年頭の辞 河原畑九州運輸局長

令和4年 年頭の辞

九州運輸局長 河原畑 徹

明けましておめでとうございます。
令和4年の年頭にあたり、謹んで御挨拶を申し上げます。

まず、昨年の「令和3年8月の前線等に伴う大雨」等により被災された皆様に、心よりお見舞いを申し上げます。九州においては毎年のように甚大な被害を及ぼす自然災害が発生していますが、これら被災地の復旧・復興に向けて、九州運輸局の職員一同、被災者の皆様に寄り添いながら、全力で取り組んでまいります。
また、新型コロナウイルス感染症の影響が長期化する中、人の移動が事業存立の前提である運輸業・観光産業は、外出の自粛や新しい生活様式の浸透により利用者が激減し、かつてない程に深刻な影響を受けています。加えて、昨秋からの急激な原油価格高騰も重なり、コロナで疲弊している運輸業・観光産業への更なる影響が懸念されています。九州運輸局としましては、今後も引き続き、九州の運輸・観光事業者の利用動向や経営状況を注視しながら、関係自治体とも連携して、事業継続、需要喚起や感染拡大防止に必要な支援・助言等を行ってまいります。

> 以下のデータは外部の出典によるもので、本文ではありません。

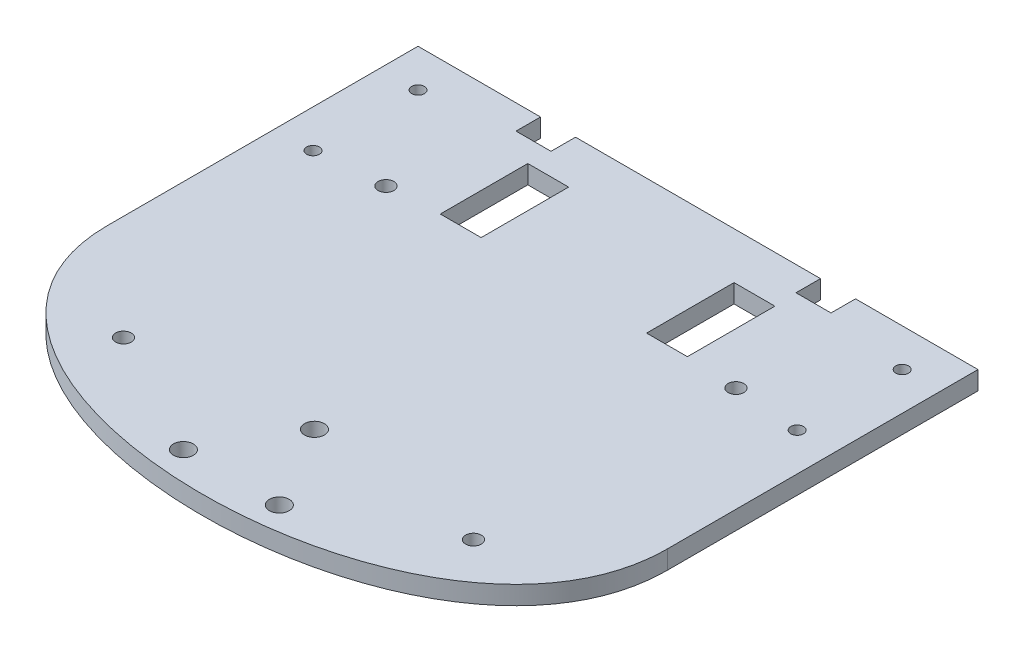
ISO-10303-21;
HEADER;
FILE_DESCRIPTION(('STEP AP214'),'2;1');
FILE_NAME('part.step','',(''),(''),'','','');
FILE_SCHEMA(('AUTOMOTIVE_DESIGN { 1 0 10303 214 1 1 1 1 }'));
ENDSEC;
DATA;
#1=APPLICATION_CONTEXT('core data for automotive mechanical design processes');
#2=APPLICATION_PROTOCOL_DEFINITION('international standard','automotive_design',2000,#1);
#3=PRODUCT_CONTEXT('',#1,'mechanical');
#4=PRODUCT('Part','Part','',(#3));
#5=PRODUCT_RELATED_PRODUCT_CATEGORY('part','',(#4));
#6=PRODUCT_DEFINITION_FORMATION('','',#4);
#7=PRODUCT_DEFINITION_CONTEXT('part definition',#1,'design');
#8=PRODUCT_DEFINITION('design','',#6,#7);
#9=PRODUCT_DEFINITION_SHAPE('','',#8);
#10=(LENGTH_UNIT() NAMED_UNIT(*) SI_UNIT(.MILLI.,.METRE.));
#11=(NAMED_UNIT(*) PLANE_ANGLE_UNIT() SI_UNIT($,.RADIAN.));
#12=(NAMED_UNIT(*) SI_UNIT($,.STERADIAN.) SOLID_ANGLE_UNIT());
#13=UNCERTAINTY_MEASURE_WITH_UNIT(LENGTH_MEASURE(1.E-05),#10,'distance_accuracy_value','');
#14=(GEOMETRIC_REPRESENTATION_CONTEXT(3) GLOBAL_UNCERTAINTY_ASSIGNED_CONTEXT((#13)) GLOBAL_UNIT_ASSIGNED_CONTEXT((#10,
#11,#12)) REPRESENTATION_CONTEXT('',''));
#15=CARTESIAN_POINT('',(0.,0.,0.));
#16=DIRECTION('',(0.,0.,1.));
#17=DIRECTION('',(1.,0.,0.));
#18=AXIS2_PLACEMENT_3D('',#15,#16,#17);
#19=CARTESIAN_POINT('',(48.,3.175,-42.5));
#20=DIRECTION('',(0.,0.,1.));
#21=DIRECTION('',(1.,0.,0.));
#22=AXIS2_PLACEMENT_3D('',#19,#20,#21);
#23=PLANE('',#22);
#24=DIRECTION('',(-1.,0.,0.));
#25=VECTOR('',#24,1.);
#26=CARTESIAN_POINT('',(48.,3.175,-42.5));
#27=LINE('',#26,#25);
#28=CARTESIAN_POINT('',(21.,3.175,-42.5));
#29=VERTEX_POINT('',#28);
#30=CARTESIAN_POINT('',(-21.,3.175,-42.4999999999998));
#31=VERTEX_POINT('',#30);
#32=EDGE_CURVE('E578',#29,#31,#27,.T.);
#33=ORIENTED_EDGE('',*,*,#32,.F.);
#34=DIRECTION('',(0.,1.,0.));
#35=VECTOR('',#34,1.);
#36=CARTESIAN_POINT('',(21.,0.,-42.5));
#37=LINE('',#36,#35);
#38=CARTESIAN_POINT('',(21.,0.,-42.5));
#39=VERTEX_POINT('',#38);
#40=EDGE_CURVE('E215',#39,#29,#37,.T.);
#41=ORIENTED_EDGE('',*,*,#40,.F.);
#42=DIRECTION('',(-1.,0.,0.));
#43=VECTOR('',#42,1.);
#44=CARTESIAN_POINT('',(48.,0.,-42.5));
#45=LINE('',#44,#43);
#46=CARTESIAN_POINT('',(-21.,0.,-42.4999999999998));
#47=VERTEX_POINT('',#46);
#48=EDGE_CURVE('E200',#39,#47,#45,.T.);
#49=ORIENTED_EDGE('',*,*,#48,.T.);
#50=DIRECTION('',(0.,1.,0.));
#51=VECTOR('',#50,1.);
#52=CARTESIAN_POINT('',(-21.,0.,-42.4999999999998));
#53=LINE('',#52,#51);
#54=EDGE_CURVE('E249',#47,#31,#53,.T.);
#55=ORIENTED_EDGE('',*,*,#54,.T.);
#56=EDGE_LOOP('',(#33,#41,#49,#55));
#57=FACE_BOUND('',#56,.T.);
#58=ADVANCED_FACE('F39',(#57),#23,.F.);
#59=CARTESIAN_POINT('',(-27.,3.175,-42.4999999999998));
#60=VERTEX_POINT('',#59);
#61=CARTESIAN_POINT('',(-48.,3.175,-42.5));
#62=VERTEX_POINT('',#61);
#63=EDGE_CURVE('E583',#60,#62,#27,.T.);
#64=ORIENTED_EDGE('',*,*,#63,.F.);
#65=DIRECTION('',(0.,1.,0.));
#66=VECTOR('',#65,1.);
#67=CARTESIAN_POINT('',(-27.,0.,-42.4999999999998));
#68=LINE('',#67,#66);
#69=CARTESIAN_POINT('',(-27.,0.,-42.4999999999998));
#70=VERTEX_POINT('',#69);
#71=EDGE_CURVE('E212',#70,#60,#68,.T.);
#72=ORIENTED_EDGE('',*,*,#71,.F.);
#73=CARTESIAN_POINT('',(-48.,0.,-42.5));
#74=VERTEX_POINT('',#73);
#75=EDGE_CURVE('E603',#70,#74,#45,.T.);
#76=ORIENTED_EDGE('',*,*,#75,.T.);
#77=DIRECTION('',(0.,-1.,0.));
#78=VECTOR('',#77,1.);
#79=CARTESIAN_POINT('',(-48.,3.175,-42.5));
#80=LINE('',#79,#78);
#81=EDGE_CURVE('E587',#62,#74,#80,.T.);
#82=ORIENTED_EDGE('',*,*,#81,.F.);
#83=EDGE_LOOP('',(#64,#72,#76,#82));
#84=FACE_BOUND('',#83,.T.);
#85=ADVANCED_FACE('F469',(#84),#23,.F.);
#86=CARTESIAN_POINT('',(-48.,3.175,-42.5));
#87=DIRECTION('',(1.,0.,0.));
#88=DIRECTION('',(0.,0.,-1.));
#89=AXIS2_PLACEMENT_3D('',#86,#87,#88);
#90=PLANE('',#89);
#91=DIRECTION('',(0.,0.,1.));
#92=VECTOR('',#91,1.);
#93=CARTESIAN_POINT('',(-48.,0.,-42.5));
#94=LINE('',#93,#92);
#95=CARTESIAN_POINT('',(-48.,0.,10.75));
#96=VERTEX_POINT('',#95);
#97=EDGE_CURVE('E439',#74,#96,#94,.T.);
#98=ORIENTED_EDGE('',*,*,#97,.T.);
#99=DIRECTION('',(0.,-1.,0.));
#100=VECTOR('',#99,1.);
#101=CARTESIAN_POINT('',(-48.,3.175,10.75));
#102=LINE('',#101,#100);
#103=CARTESIAN_POINT('',(-48.,3.175,10.75));
#104=VERTEX_POINT('',#103);
#105=EDGE_CURVE('E11',#104,#96,#102,.T.);
#106=ORIENTED_EDGE('',*,*,#105,.F.);
#107=DIRECTION('',(0.,0.,1.));
#108=VECTOR('',#107,1.);
#109=CARTESIAN_POINT('',(-48.,3.175,-42.5));
#110=LINE('',#109,#108);
#111=EDGE_CURVE('E440',#62,#104,#110,.T.);
#112=ORIENTED_EDGE('',*,*,#111,.F.);
#113=ORIENTED_EDGE('',*,*,#81,.T.);
#114=EDGE_LOOP('',(#98,#106,#112,#113));
#115=FACE_BOUND('',#114,.T.);
#116=ADVANCED_FACE('F41',(#115),#90,.F.);
#117=CARTESIAN_POINT('',(-48.,3.175,10.75));
#118=CARTESIAN_POINT('',(-48.,3.175,53.0833333333333));
#119=CARTESIAN_POINT('',(48.0000000000003,3.175,53.0833333333333));
#120=CARTESIAN_POINT('',(48.,3.175,10.75));
#121=B_SPLINE_CURVE_WITH_KNOTS('',3,(#117,#118,#119,#120),.UNSPECIFIED.,.F.,.F.,(4,4),(0.,1.),.UNSPECIFIED.);
#122=DIRECTION('',(0.,-1.,0.));
#123=VECTOR('',#122,1.);
#124=SURFACE_OF_LINEAR_EXTRUSION('',#121,#123);
#125=CARTESIAN_POINT('',(-48.,0.,10.75));
#126=CARTESIAN_POINT('',(-48.,0.,53.0833333333333));
#127=CARTESIAN_POINT('',(48.0000000000003,0.,53.0833333333333));
#128=CARTESIAN_POINT('',(48.,0.,10.75));
#129=B_SPLINE_CURVE_WITH_KNOTS('',3,(#125,#126,#127,#128),.UNSPECIFIED.,.F.,.F.,(4,4),(0.,1.),.UNSPECIFIED.);
#130=CARTESIAN_POINT('',(48.,0.,10.75));
#131=VERTEX_POINT('',#130);
#132=EDGE_CURVE('E592',#96,#131,#129,.T.);
#133=ORIENTED_EDGE('',*,*,#132,.T.);
#134=DIRECTION('',(0.,-1.,0.));
#135=VECTOR('',#134,1.);
#136=CARTESIAN_POINT('',(48.,3.175,10.75));
#137=LINE('',#136,#135);
#138=CARTESIAN_POINT('',(48.,3.175,10.75));
#139=VERTEX_POINT('',#138);
#140=EDGE_CURVE('E48',#139,#131,#137,.T.);
#141=ORIENTED_EDGE('',*,*,#140,.F.);
#142=EDGE_CURVE('E444',#104,#139,#121,.T.);
#143=ORIENTED_EDGE('',*,*,#142,.F.);
#144=ORIENTED_EDGE('',*,*,#105,.T.);
#145=EDGE_LOOP('',(#133,#141,#143,#144));
#146=FACE_BOUND('',#145,.T.);
#147=ADVANCED_FACE('F456',(#146),#124,.F.);
#148=CARTESIAN_POINT('',(48.,3.175,-42.5));
#149=DIRECTION('',(-1.,0.,0.));
#150=DIRECTION('',(0.,0.,1.));
#151=AXIS2_PLACEMENT_3D('',#148,#149,#150);
#152=PLANE('',#151);
#153=DIRECTION('',(0.,0.,-1.));
#154=VECTOR('',#153,1.);
#155=CARTESIAN_POINT('',(48.,0.,-42.5));
#156=LINE('',#155,#154);
#157=CARTESIAN_POINT('',(48.,0.,-42.5));
#158=VERTEX_POINT('',#157);
#159=EDGE_CURVE('E597',#131,#158,#156,.T.);
#160=ORIENTED_EDGE('',*,*,#159,.T.);
#161=DIRECTION('',(0.,-1.,0.));
#162=VECTOR('',#161,1.);
#163=CARTESIAN_POINT('',(48.,3.175,-42.5));
#164=LINE('',#163,#162);
#165=CARTESIAN_POINT('',(48.,3.175,-42.5));
#166=VERTEX_POINT('',#165);
#167=EDGE_CURVE('E610',#166,#158,#164,.T.);
#168=ORIENTED_EDGE('',*,*,#167,.F.);
#169=DIRECTION('',(0.,0.,-1.));
#170=VECTOR('',#169,1.);
#171=CARTESIAN_POINT('',(48.,3.175,-42.5));
#172=LINE('',#171,#170);
#173=EDGE_CURVE('E451',#139,#166,#172,.T.);
#174=ORIENTED_EDGE('',*,*,#173,.F.);
#175=ORIENTED_EDGE('',*,*,#140,.T.);
#176=EDGE_LOOP('',(#160,#168,#174,#175));
#177=FACE_BOUND('',#176,.T.);
#178=ADVANCED_FACE('F459',(#177),#152,.F.);
#179=CARTESIAN_POINT('',(27.,0.,-42.5));
#180=VERTEX_POINT('',#179);
#181=EDGE_CURVE('E445',#158,#180,#45,.T.);
#182=ORIENTED_EDGE('',*,*,#181,.T.);
#183=DIRECTION('',(0.,1.,0.));
#184=VECTOR('',#183,1.);
#185=CARTESIAN_POINT('',(27.,0.,-42.5));
#186=LINE('',#185,#184);
#187=CARTESIAN_POINT('',(27.,3.175,-42.5));
#188=VERTEX_POINT('',#187);
#189=EDGE_CURVE('E219',#180,#188,#186,.T.);
#190=ORIENTED_EDGE('',*,*,#189,.T.);
#191=EDGE_CURVE('E582',#166,#188,#27,.T.);
#192=ORIENTED_EDGE('',*,*,#191,.F.);
#193=ORIENTED_EDGE('',*,*,#167,.T.);
#194=EDGE_LOOP('',(#182,#190,#192,#193));
#195=FACE_BOUND('',#194,.T.);
#196=ADVANCED_FACE('F463',(#195),#23,.F.);
#197=CARTESIAN_POINT('',(1.21430643318376E-13,3.175,42.5));
#198=DIRECTION('',(0.,-1.,0.));
#199=DIRECTION('',(0.,0.,-1.));
#200=AXIS2_PLACEMENT_3D('',#197,#198,#199);
#201=PLANE('',#200);
#202=CARTESIAN_POINT('',(30.,3.175,26.));
#203=DIRECTION('',(0.,-1.,0.));
#204=DIRECTION('',(0.,0.,-1.));
#205=AXIS2_PLACEMENT_3D('',#202,#203,#204);
#206=CIRCLE('',#205,1.35000000000004);
#207=CARTESIAN_POINT('',(30.,3.175,24.65));
#208=VERTEX_POINT('',#207);
#209=EDGE_CURVE('E435',#208,#208,#206,.T.);
#210=ORIENTED_EDGE('',*,*,#209,.T.);
#211=EDGE_LOOP('',(#210));
#212=FACE_BOUND('',#211,.T.);
#213=CARTESIAN_POINT('',(-30.,3.175,26.));
#214=DIRECTION('',(0.,-1.,0.));
#215=DIRECTION('',(0.,0.,-1.));
#216=AXIS2_PLACEMENT_3D('',#213,#214,#215);
#217=CIRCLE('',#216,1.35);
#218=CARTESIAN_POINT('',(-30.,3.175,24.65));
#219=VERTEX_POINT('',#218);
#220=EDGE_CURVE('E431',#219,#219,#217,.T.);
#221=ORIENTED_EDGE('',*,*,#220,.T.);
#222=EDGE_LOOP('',(#221));
#223=FACE_BOUND('',#222,.T.);
#224=CARTESIAN_POINT('',(41.5,3.175,-36.));
#225=DIRECTION('',(0.,-1.,0.));
#226=DIRECTION('',(0.,0.,-1.));
#227=AXIS2_PLACEMENT_3D('',#224,#225,#226);
#228=CIRCLE('',#227,1.09219999999998);
#229=CARTESIAN_POINT('',(41.5,3.175,-37.0922));
#230=VERTEX_POINT('',#229);
#231=EDGE_CURVE('E427',#230,#230,#228,.T.);
#232=ORIENTED_EDGE('',*,*,#231,.T.);
#233=EDGE_LOOP('',(#232));
#234=FACE_BOUND('',#233,.T.);
#235=CARTESIAN_POINT('',(41.5,3.175,-18.));
#236=DIRECTION('',(0.,-1.,0.));
#237=DIRECTION('',(0.,0.,-1.));
#238=AXIS2_PLACEMENT_3D('',#235,#236,#237);
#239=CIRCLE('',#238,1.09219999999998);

さて、新年を迎えまして、九州の運輸・観光行政に関する抱負を申し上げます。

第一に、九州における観光の振興を推進してまいります。

国内では新型コロナウイルスの感染状況は落ち着いていますが、世界的にオミクロン株の感染が広がりつつある中、インバウンドについては、再開を見通すのが難しい状況にあります。このため、まずは感染拡大防止を図りつつ、国内観光需要の喚起を図ってまいります。
これまで行ってきた同一県内旅行への割引に加え、隣県からの旅行も支援対象とするとともに、「ワクチン・検査パッケージ」を活用して安全・安心の確保を図りつつ、感染状況等を十分に確認し、専門家の意見を踏まえながら、地域ブロック内での旅行、さらには全国規模での「新たなGo To トラベル事業」へと、段階的に支援対象とする旅行の範囲を拡大してまいります。
あわせて、ウィズコロナ・アフターコロナを見据えて、地域の関係者が連携して実施する宿泊施設を中心とした観光地のリニューアルや稼げる地域の看板商品となる観光コンテンツの磨き上げ等を通じた観光地の高付加価値化等を戦略的に進め、旅行者の長期滞在や消費拡大、リピーターの増加等に向けた取組を推進してまいります。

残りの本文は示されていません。